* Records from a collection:
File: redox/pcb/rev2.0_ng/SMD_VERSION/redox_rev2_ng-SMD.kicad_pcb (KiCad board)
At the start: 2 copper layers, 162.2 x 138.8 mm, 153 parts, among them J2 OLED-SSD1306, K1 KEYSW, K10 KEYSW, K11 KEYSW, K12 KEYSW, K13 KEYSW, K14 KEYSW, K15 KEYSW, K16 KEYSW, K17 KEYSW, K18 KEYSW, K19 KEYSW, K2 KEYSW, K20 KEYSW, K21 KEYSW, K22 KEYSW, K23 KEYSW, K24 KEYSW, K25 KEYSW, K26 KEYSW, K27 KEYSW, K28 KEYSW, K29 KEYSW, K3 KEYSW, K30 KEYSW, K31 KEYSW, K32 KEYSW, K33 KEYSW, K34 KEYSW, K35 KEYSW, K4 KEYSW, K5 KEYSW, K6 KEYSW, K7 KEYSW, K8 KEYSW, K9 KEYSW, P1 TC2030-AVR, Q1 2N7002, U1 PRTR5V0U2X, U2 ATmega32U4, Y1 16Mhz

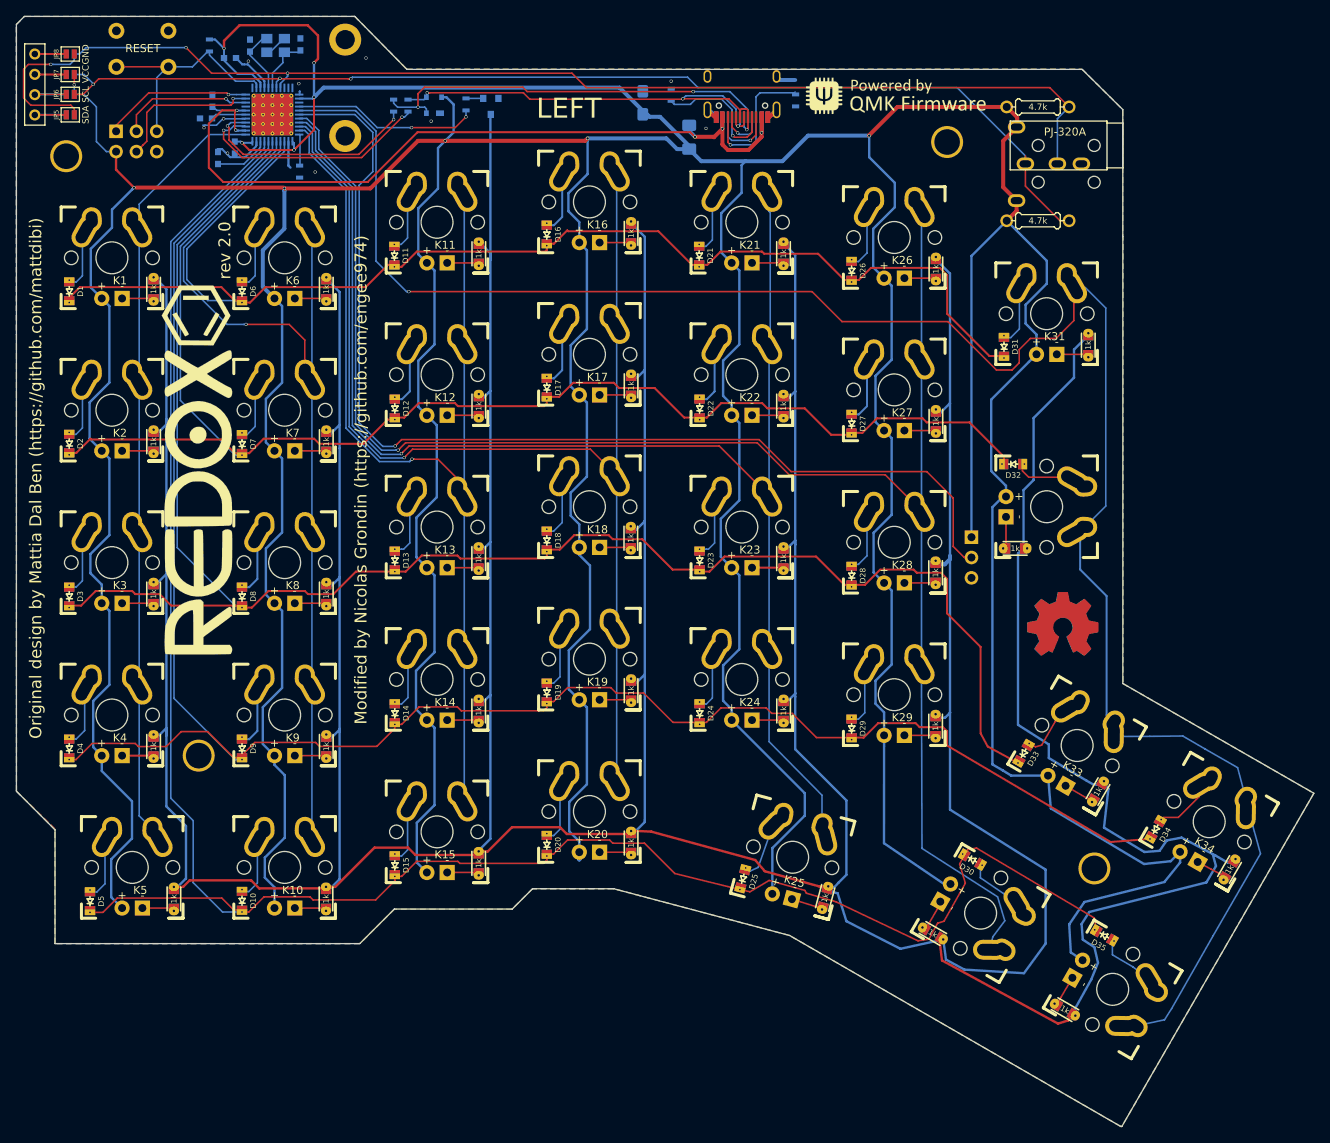
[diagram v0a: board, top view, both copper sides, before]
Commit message: Change PCB holes placement, TRSS connector, add JLC id.
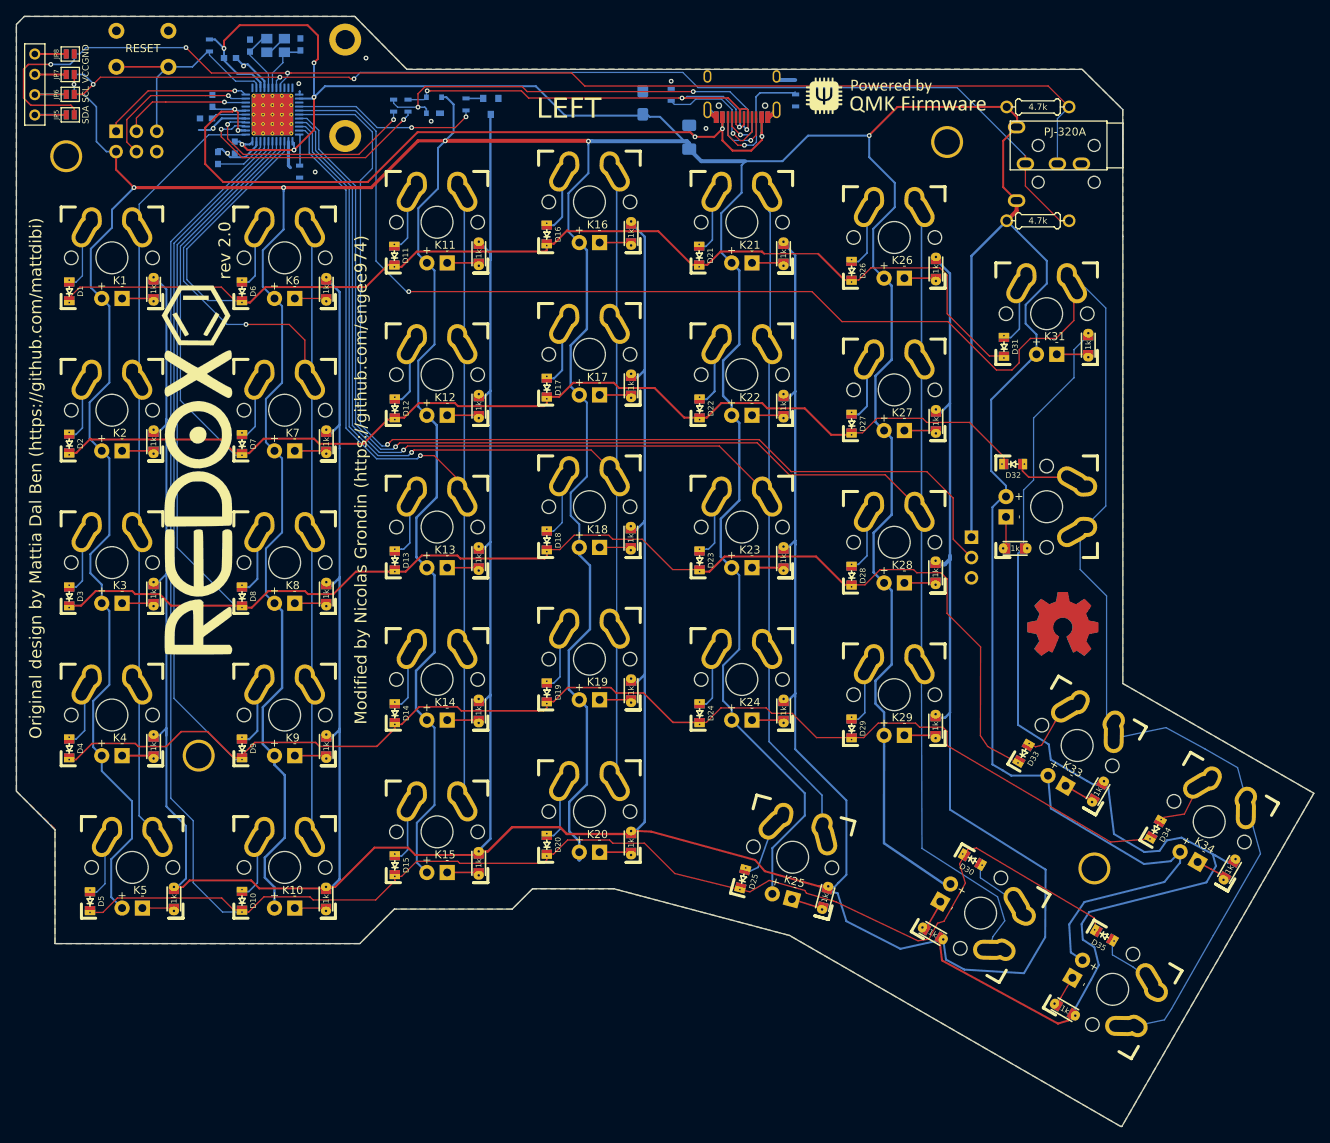
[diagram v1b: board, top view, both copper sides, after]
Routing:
- net MOSI: track 18.8 -> 20.7 mm
- net LEDGND: track 817.9 -> 817.1 mm
- net SCL: track 140.1 -> 140.9 mm
- net GND: track 33.0 -> 33.7 mm, vias 10 -> 9
- net rgb_data: track 134.9 -> 134.2 mm
- net D-: track 30.6 -> 31.2 mm
- net VBUS: track 102.8 -> 103.4 mm
- net SCK: track 16.7 -> 16.1 mm
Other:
- net class Default: clearance 0.2 -> 0.15; trace_width 0.2 -> 0.15; via_dia 0.4 -> 0.6
- net class GND: clearance 0.2 -> 0.15; trace_width 0.5 -> 0.4; via_dia 0.4 -> 0.6
- net class VBUS: clearance 0.2 -> 0.15; trace_width 0.5 -> 0.25; via_dia 0.4 -> 0.6
- net class VCC: clearance 0.2 -> 0.15; trace_width 0.3 -> 0.25; via_dia 0.4 -> 0.6
- rule trace_clearance: 0.2 -> 0.15
- rule trace_min: 0.2 -> 0.15
- rule via_min_size: 0.4 -> 0.6

* EXERCISE AIM: Could you copy every record above exactly, leaving out the pictures?

* TASK RESULT:
File: redox/pcb/rev2.0_ng/SMD_VERSION/redox_rev2_ng-SMD.kicad_pcb (KiCad board)
At the start: 2 copper layers, 162.2 x 138.8 mm, 153 parts, among them J2 OLED-SSD1306, K1 KEYSW, K10 KEYSW, K11 KEYSW, K12 KEYSW, K13 KEYSW, K14 KEYSW, K15 KEYSW, K16 KEYSW, K17 KEYSW, K18 KEYSW, K19 KEYSW, K2 KEYSW, K20 KEYSW, K21 KEYSW, K22 KEYSW, K23 KEYSW, K24 KEYSW, K25 KEYSW, K26 KEYSW, K27 KEYSW, K28 KEYSW, K29 KEYSW, K3 KEYSW, K30 KEYSW, K31 KEYSW, K32 KEYSW, K33 KEYSW, K34 KEYSW, K35 KEYSW, K4 KEYSW, K5 KEYSW, K6 KEYSW, K7 KEYSW, K8 KEYSW, K9 KEYSW, P1 TC2030-AVR, Q1 2N7002, U1 PRTR5V0U2X, U2 ATmega32U4, Y1 16Mhz

[diagram v0a: board, top view, both copper sides, before]
Commit message: Change PCB holes placement, TRSS connector, add JLC id.
[diagram v1b: board, top view, both copper sides, after]
Routing:
- net MOSI: track 18.8 -> 20.7 mm
- net LEDGND: track 817.9 -> 817.1 mm
- net SCL: track 140.1 -> 140.9 mm
- net GND: track 33.0 -> 33.7 mm, vias 10 -> 9
- net rgb_data: track 134.9 -> 134.2 mm
- net D-: track 30.6 -> 31.2 mm
- net VBUS: track 102.8 -> 103.4 mm
- net SCK: track 16.7 -> 16.1 mm
Other:
- net class Default: clearance 0.2 -> 0.15; trace_width 0.2 -> 0.15; via_dia 0.4 -> 0.6
- net class GND: clearance 0.2 -> 0.15; trace_width 0.5 -> 0.4; via_dia 0.4 -> 0.6
- net class VBUS: clearance 0.2 -> 0.15; trace_width 0.5 -> 0.25; via_dia 0.4 -> 0.6
- net class VCC: clearance 0.2 -> 0.15; trace_width 0.3 -> 0.25; via_dia 0.4 -> 0.6
- rule trace_clearance: 0.2 -> 0.15
- rule trace_min: 0.2 -> 0.15
- rule via_min_size: 0.4 -> 0.6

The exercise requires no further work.